Мы вышли на набережную, и я сказала Володе, что за три недели в Сталинграде еще не была на набережной и памятник Хользунову, например, вижу впервые.
– Так занята?
– Да, очень.
Он посмотрел на меня – наверно, хотел спросить, что я здесь делаю. Но подумал и не спросил.
…Это было так, как будто, отыскивая любимое место в книге, мы быстро перелистывали страницы от конца к началу. Лопахин, школа, споры о том, как должен вести себя активист в условиях нэпа.
– А помнишь научную комиссию по преобразованию праздника Ивана Купалы!

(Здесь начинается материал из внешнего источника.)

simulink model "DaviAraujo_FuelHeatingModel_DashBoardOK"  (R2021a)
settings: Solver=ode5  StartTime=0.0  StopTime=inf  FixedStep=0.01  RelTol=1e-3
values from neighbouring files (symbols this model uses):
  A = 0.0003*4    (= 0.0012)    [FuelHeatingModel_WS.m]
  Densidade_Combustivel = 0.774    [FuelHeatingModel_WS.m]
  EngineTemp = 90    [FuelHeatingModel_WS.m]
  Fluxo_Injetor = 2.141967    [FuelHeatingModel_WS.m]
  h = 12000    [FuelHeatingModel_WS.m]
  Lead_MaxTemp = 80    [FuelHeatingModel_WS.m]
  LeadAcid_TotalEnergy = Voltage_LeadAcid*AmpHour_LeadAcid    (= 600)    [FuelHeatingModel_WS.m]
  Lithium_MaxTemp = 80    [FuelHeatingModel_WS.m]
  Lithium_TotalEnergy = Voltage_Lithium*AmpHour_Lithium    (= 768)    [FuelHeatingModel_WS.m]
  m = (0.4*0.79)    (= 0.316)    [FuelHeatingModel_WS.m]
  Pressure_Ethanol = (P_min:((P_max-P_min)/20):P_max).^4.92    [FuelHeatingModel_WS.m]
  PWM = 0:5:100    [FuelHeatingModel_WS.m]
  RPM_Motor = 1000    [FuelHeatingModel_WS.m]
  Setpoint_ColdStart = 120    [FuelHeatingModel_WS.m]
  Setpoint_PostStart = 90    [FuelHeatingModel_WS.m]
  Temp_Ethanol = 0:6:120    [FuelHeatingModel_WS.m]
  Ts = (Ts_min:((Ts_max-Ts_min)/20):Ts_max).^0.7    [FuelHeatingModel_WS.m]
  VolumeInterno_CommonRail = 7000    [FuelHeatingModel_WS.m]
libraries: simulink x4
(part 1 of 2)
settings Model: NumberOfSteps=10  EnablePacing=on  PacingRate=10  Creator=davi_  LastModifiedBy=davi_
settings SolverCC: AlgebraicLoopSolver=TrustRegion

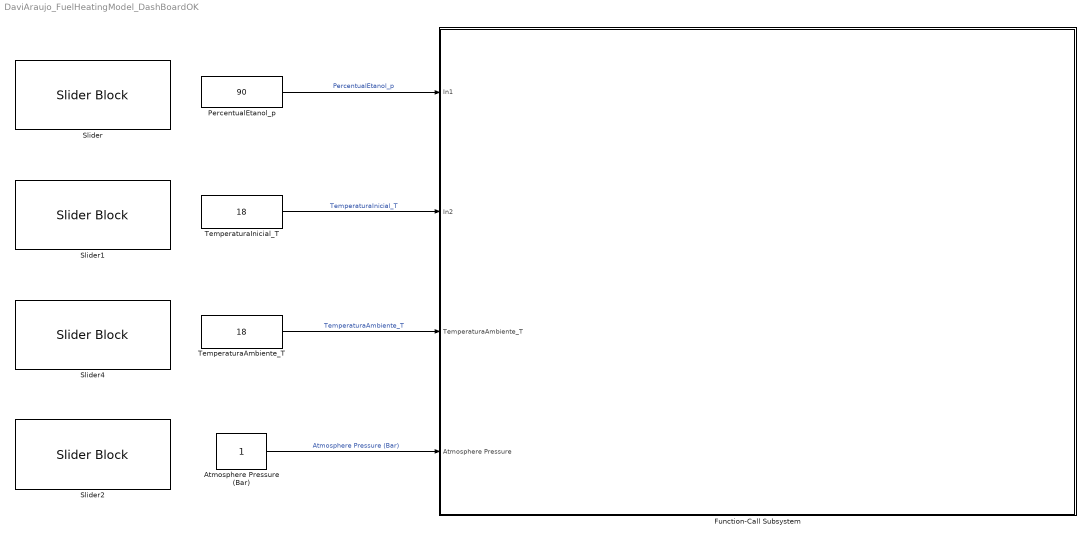
== system DaviAraujo_FuelHeatingModel_DashBoardOK ==
  Atmosphere Pressure (Bar) : Constant
  Function-Call Subsystem : Subsystem  TreatAsAtomicUnit=on
  PercentualEtanol_p : Constant  Value=90
  Slider : SliderBlock
  Slider1 : SliderBlock  ScaleMax=150
  Slider2 : SliderBlock  ScaleMax=2
  Slider4 : SliderBlock  ScaleMin=-20  ScaleMax=40
  TemperaturaAmbiente_T : Constant  Value=18
  TemperaturaInicial_T : Constant  Value=18
  wires:
  Atmosphere Pressure (Bar)/1 -> Function-Call Subsystem/4(Atmosphere Pressure)  "Atmosphere Pressure (Bar)"
  PercentualEtanol_p/1 -> Function-Call Subsystem/1(In1)  "PercentualEtanol_p"
  TemperaturaInicial_T/1 -> Function-Call Subsystem/2(In2)  "TemperaturaInicial_T"
  TemperaturaAmbiente_T/1 -> Function-Call Subsystem/3(TemperaturaAmbiente_T)  "TemperaturaAmbiente_T"

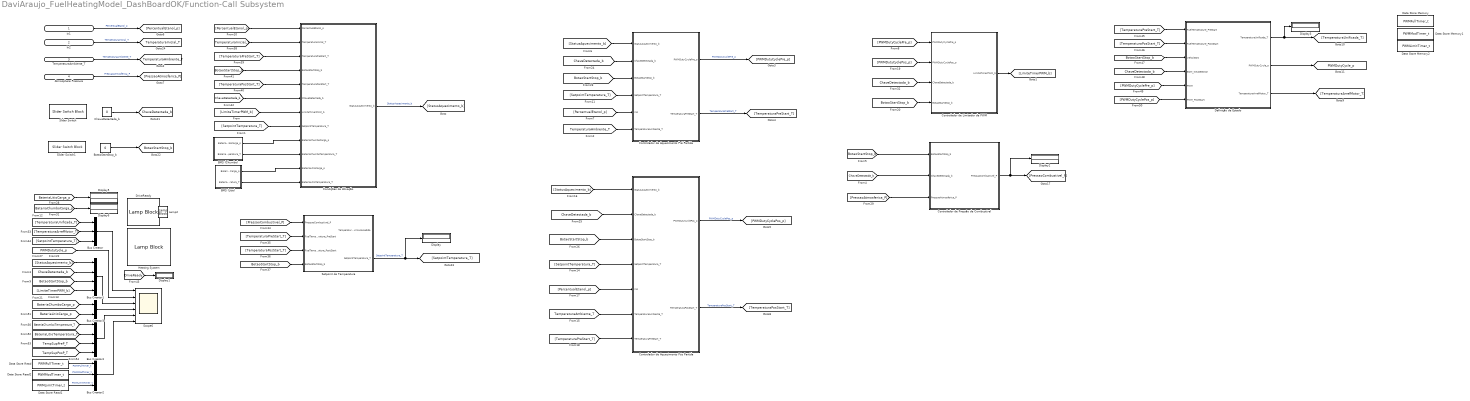
== system DaviAraujo_FuelHeatingModel_DashBoardOK/Function-Call Subsystem ==
  In1 : Inport
  In2 : Inport  Port=2
  TemperaturaAmbiente_T : Inport  Port=3
  Atmosphere Pressure : Inport  Port=4
  BMS (Chumbo) : Subsystem
      mask Display: image('$imagefile'); % Use "Edit Image" on toolstrip to change.
  BMS (Lítio) : Subsystem
      mask Display: image('$imagefile'); % Use "Edit Image" on toolstrip to change.
  BotaoStartStop_b : Constant  Value=0  OutDataTypeStr=boolean
  Bus Creator : BusCreator  Inputs=3
  Bus Creator1 : BusCreator  Inputs=4
  Bus Creator2 : BusCreator  Inputs=3
  Bus Creator3 : BusCreator  Inputs=2
  Bus Creator4 : BusCreator  Inputs=4
  ChaveDetectada_b : Constant  Value=0  OutDataTypeStr=boolean
  Condições de Ativação : Subsystem
  Controlador de Aquecimento Pré Partida : Subsystem
  Controlador de Aquecimento Pós Partida : Subsystem
  Controlador de Limitador de PWM : Subsystem  TreatAsAtomicUnit=on
  Controlador de Pressão de Combustível : Subsystem
  Data Store Memory : DataStoreMemory  DataStoreName=PWMFullTimer_t  ReadBeforeWriteMsg=warning  WriteAfterWriteMsg=warning  WriteAfterReadMsg=warning  ShowAdditionalParam=off
  Data Store Memory1 : DataStoreMemory  DataStoreName=PWMModTimer_t  ReadBeforeWriteMsg=warning  WriteAfterWriteMsg=warning  WriteAfterReadMsg=warning  ShowAdditionalParam=off
  Data Store Memory2 : DataStoreMemory  DataStoreName=PWMLimitTimer_t  ReadBeforeWriteMsg=warning  WriteAfterWriteMsg=warning  WriteAfterReadMsg=warning  ShowAdditionalParam=off
  Data Store Read : DataStoreRead  DataStoreName=PWMFullTimer_t  IndexOptions=Index vector (dialog)  Indices=1  OutputSizes=1
  Data Store Read1 : DataStoreRead  DataStoreName=PWMLimitTimer_t  IndexOptions=Index vector (dialog)  Indices=1  OutputSizes=1
  Data Store Read2 : DataStoreRead  DataStoreName=PWMModTimer_t  IndexOptions=Index vector (dialog)  Indices=1  OutputSizes=1
  Definição de Estado : Subsystem
  Display{,1..3,5..6} (6 alike) : Display
  DriveReady : LampBlock  LabelPosition=Hide  Icon=Check1
  Heating System : LampBlock  LabelPosition=Hide  Icon=Custom  CustomIcon=data:image/svg+xml;base64,PD94bWwgdmVyc2lvbj0iMS4wIiBlbmNvZGluZz0iaXNvLTg4NTktMSI/Pg0KPCEtLSBHZW5lcmF0b3I6IEFkb2JlIElsbHVzdHJhdG9yIDE4LjAuMCwgU1ZHIEV4cG9ydCBQbHVnLUluIC4gU1ZHIFZlcnNpb246IDYuMDAgQnVpbGQgMCkgIC0tPg0KPCFET0NUWVBFIHN2ZyBQVUJMSUMgIi0vL1czQy8vRFREIFNWRyAxLjEvL0VOIiAiaHR0cDovL3d3dy53My5vcmcvR3JhcGhpY3MvU1ZHLzEuMS9EVEQvc3ZnMTEuZHRkIj4NCjxzdmcgdmVyc2lvbj0iMS4xIiBpZD0iQ2FwYV8xIiB4bWxucz0iaHR0cDovL3d3dy53My5vcmcvMjAwMC9zdmciIHhtbG5zOnhsaW5rPSJodHRwOi8vd3d3LnczLm9yZy8xOTk5L3hsaW5rIiB4PSIwcHgiIHk9IjBweCINCgkgdmlld0JveD0iMCAwIDQ2Mi43ODIgNDYyLjc4MiIgc3R5bGU9ImVuYWJsZS1iYWNrZ3JvdW5kOm5ldyAwIDAgNDYyLjc4MiA0NjIuNzgyOyIgeG1sOnNwYWNlPSJwcmVzZXJ2ZSI+DQo8ZyBpZD0iWE1MSURfMjFfIj4NCgk8cGF0aCBpZD0iWE1MSURfOTA0XyIgZD0iTTM1MC4yNzIsMzIzLjAxNGMtNS45NzQsMC0xMS40MTEtMy41NTYtMTMuNzgzLTkuMDkxbC01MC40MjItMTE3LjY1bC00MC41MDUsMTE2LjY2Mg0KCQljLTIuMDgsNS45ODktNy42OTksMTAuMDIzLTE0LjAzOCwxMC4wOGMtMC4wNDQsMC0wLjA4OSwwLTAuMTMzLDBjLTYuMjg2LDAtMTEuOTExLTMuOTIxLTE0LjA4MS05LjgzMWwtNDEuOTc5LTExNC4zNTgNCgkJbC00MC43OTgsMTE0LjIzNGMtMi4wOTUsNS44NjctNy41OTksOS44MjgtMTMuODI3LDkuOTUyYy02LjI0MiwwLjEyNy0xMS44ODYtMy42MTUtMTQuMjEzLTkuMzk0bC0zMS40ODItNzguMTcySDB2LTMwaDg1LjE0MQ0KCQljNi4xMjEsMCwxMS42MjcsMy43MTksMTMuOTE0LDkuMzk2bDIwLjUxMSw1MC45M2w0MS40NDYtMTE2LjA0OGMyLjEyNC01Ljk0Nyw3Ljc0NS05LjkyNywxNC4wNi05Ljk1NWMwLjAyMiwwLDAuMDQ0LDAsMC4wNjYsMA0KCQljNi4yODksMCwxMS45MTIsMy45MjMsMTQuMDgxLDkuODMxbDQxLjc3OSwxMTMuODE0bDM5LjQzMS0xMTMuNTY1YzIuMDMyLTUuODUxLDcuNDUxLTkuODUyLDEzLjY0LTEwLjA3MQ0KCQljNi4yMDMtMC4yMTcsMTEuODc3LDMuMzg5LDE0LjMxNyw5LjA4Mmw0OS42ODMsMTE1LjkyN2wxNS4yNTQtNDguODE1YzEuOTU3LTYuMjYyLDcuNzU2LTEwLjUyNiwxNC4zMTctMTAuNTI2aDg1LjE0MXYzMGgtNzQuMTEzDQoJCWwtMjQuMDc2LDc3LjA0M2MtMS44NzMsNS45OTQtNy4yODEsMTAuMTg2LTEzLjU1MywxMC41MDZDMzUwLjc4NCwzMjMuMDA3LDM1MC41MjcsMzIzLjAxNCwzNTAuMjcyLDMyMy4wMTR6Ii8+DQo8L2c+DQo8Zz4NCjwvZz4NCjxnPg0KPC9nPg0KPGc+DQo8L2c+DQo8Zz4NCjwvZz4NCjxnPg0KPC9nPg0KPGc+DQo8L2c+DQo8Zz4NCjwvZz4NCjxnPg0KPC9nPg0KPGc+DQo8L2c+DQo8Zz4NCjwvZz4NCjxnPg0KPC9nPg0KPGc+DQo8L2c+DQo8Zz4NCjwvZz4NCjxnPg0KPC9nPg0KPGc+DQo8L2c+DQo8L3N2Zz4NCg==
  Lamp2 : LampBlock  LabelPosition=Hide
  Scope6 : Scope  NumInputPorts=6
  Setpoint de Temperatura : Subsystem
  Slider Switch : SliderSwitchBlock
      settings: Values={{'Off', 'On'}, [0 1]}
  Slider Switch1 : SliderSwitchBlock
      settings: Values={{'Off', 'On'}, [0 1]}
  tag scope: BotaoStartStop_b=global, ChaveDetectada_b=global, PWMDutyCycle_p=global, TemperaturaAmbiente_T=global, TemperaturaInicial_T=global
  wires:
  [PWMDutyCyclePre_p] -> Controlador de Limitador de PWM/1(PWMDutyCyclePre_p)
  Controlador de Limitador de PWM/1(LimiteTimerPWM_b) -> [LimiteTimerPWM_b]
  Controlador de Pressão de Combustível/1(PressaoCombustivel_P) -> Display2/1, [PressaoCombustivel_P]
  In1/1 -> [PercentualEtanol_p]  "PercentualEtanol_p"
  [ChaveDetectada_b] -> Controlador de Limitador de PWM/3(ChaveDetectada_b)
  [PressaoCombustivel_P] -> Setpoint de Temperatura/1(PressaoCombustivel_P)
  [TemperaturaPreStart_T] -> Setpoint de Temperatura/2(FuelTemperature_PreStart)
  [TemperaturaPosStart_T] -> Setpoint de Temperatura/3(FuelTemperature_PostStart)
  [BotaoStartStop_b] -> Setpoint de Temperatura/4(BotaoStartStop_b)
  ChaveDetectada_b/1 -> [ChaveDetectada_b]
  BotaoStartStop_b/1 -> [BotaoStartStop_b]
  Setpoint de Temperatura/2(SetpointTemperatura_T) -> Display/1, [SetpointTemperatura_T]  "SetpointTemperatura_T"
  In2/1 -> [TemperaturaInicial_T]  "TemperaturaInicial_T"
  [PercentualEtanol_p] -> Condições de Ativação/1(PercentualEtanol_p)
  [TemperaturaInicial_T] -> Condições de Ativação/2(TemperaturaInicial_T)
  [TemperaturaPreStart_T] -> Condições de Ativação/3(TemperaturaPreStart_T)
  [TemperaturaPosStart_T] -> Condições de Ativação/5(TemperaturaPosStart_T)
  [BotaoStartStop_b] -> Condições de Ativação/4(BotaoStartStop_b)
  [ChaveDetectada_b] -> Condições de Ativação/6(ChaveDetectada_b)
  BMS (Chumbo)/1(BateriaChumboCarga_p) -> Condições de Ativação/9(BateriaChumboCarga_p)
  BMS (Chumbo)/2(BateriaChumboTemperatura_T) -> Condições de Ativação/10(BateriaChumboTemperatura_T)
  BMS (Lítio)/1(BateriaLitioCarga_p) -> Condições de Ativação/11(BateriaLitioCarga_p)
  BMS (Lítio)/2(BateriaLitioTemperatura_T) -> Condições de Ativação/12(BateriaLitioTemperatura_T)
  Condições de Ativação/1(StatusAquecimento_b) -> [StatusAquecimento_b]  "StatusAquecimento_b"
  TemperaturaAmbiente_T/1 -> [TemperaturaAmbiente_T]  "TemperaturaAmbiente_T"
  [StatusAquecimento_b] -> Controlador de Aquecimento Pré Partida/1(StatusAquecimento_b)
  [SetpointTemperatura_T] -> Controlador de Aquecimento Pré Partida/4(SetpointTemperatura_T)
  [PercentualEtanol_p] -> Controlador de Aquecimento Pré Partida/5(In3)
  [BotaoStartStop_b] -> Controlador de Pressão de Combustível/1(BotaoStartStop_b)
  Controlador de Aquecimento Pré Partida/1(PWMDutyCyclePre_p) -> [PWMDutyCyclePre_p]  "PWMDutyCyclePre_p"
  Controlador de Aquecimento Pré Partida/2(TemperaturaPreStart_T) -> [TemperaturaPreStart_T]  "TemperaturaPreStart_T"
  [LimiteTimerPWM_b] -> Condições de Ativação/7(LimiteTimerPWM_b)
  [SetpointTemperatura_T] -> Condições de Ativação/8(SetpointTemperatura_T)
  [TemperaturaAmbiente_T] -> Controlador de Aquecimento Pré Partida/6(TemperaturaAmbiente_T)
  [ChaveDetectada_b] -> Controlador de Pressão de Combustível/2(ChaveDetectada_b)
  [TemperaturaAmbiente_T] -> Controlador de Aquecimento Pós Partida/6(TemperaturaAmbiente_T)
  Controlador de Aquecimento Pós Partida/2(TemperaturaPosStart_T) -> [TemperaturaPosStart_T]  "TemperaturaPosStart_T"
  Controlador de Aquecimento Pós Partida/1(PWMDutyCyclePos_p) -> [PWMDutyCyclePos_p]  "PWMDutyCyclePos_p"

– Неужели и такая была? Нет, не помню!
– Ну как же! Комиссия по преобразованию Ивана Купалы с целью придать ему революционно-пролетарское содержание. Ах, черт побери! Как мы были молоды! И как странно, что тогда мы как-то не замечали этого чувства молодости, счастья, здоровья. Впрочем, у меня к нему неизменно присоединялось еще одно чувство: мне, понимаешь, все время казалось, что я ужасный дурак, а вы все умные-преумные, особенно Гурий. И правда, вы все много читали, а я только журнал «Юный пролетарий». Впрочем, в этом виноват тот же Гурий. Он дал мне «Руководство к чтению», а там было написано: «Никогда не читайте чрезмерно. Это приводит к донкихотству. Вы станете жертвой призраков и будете жить, как во сне». Вот я и не захотел жить, как во сне. Зато я заучивал афоризмы.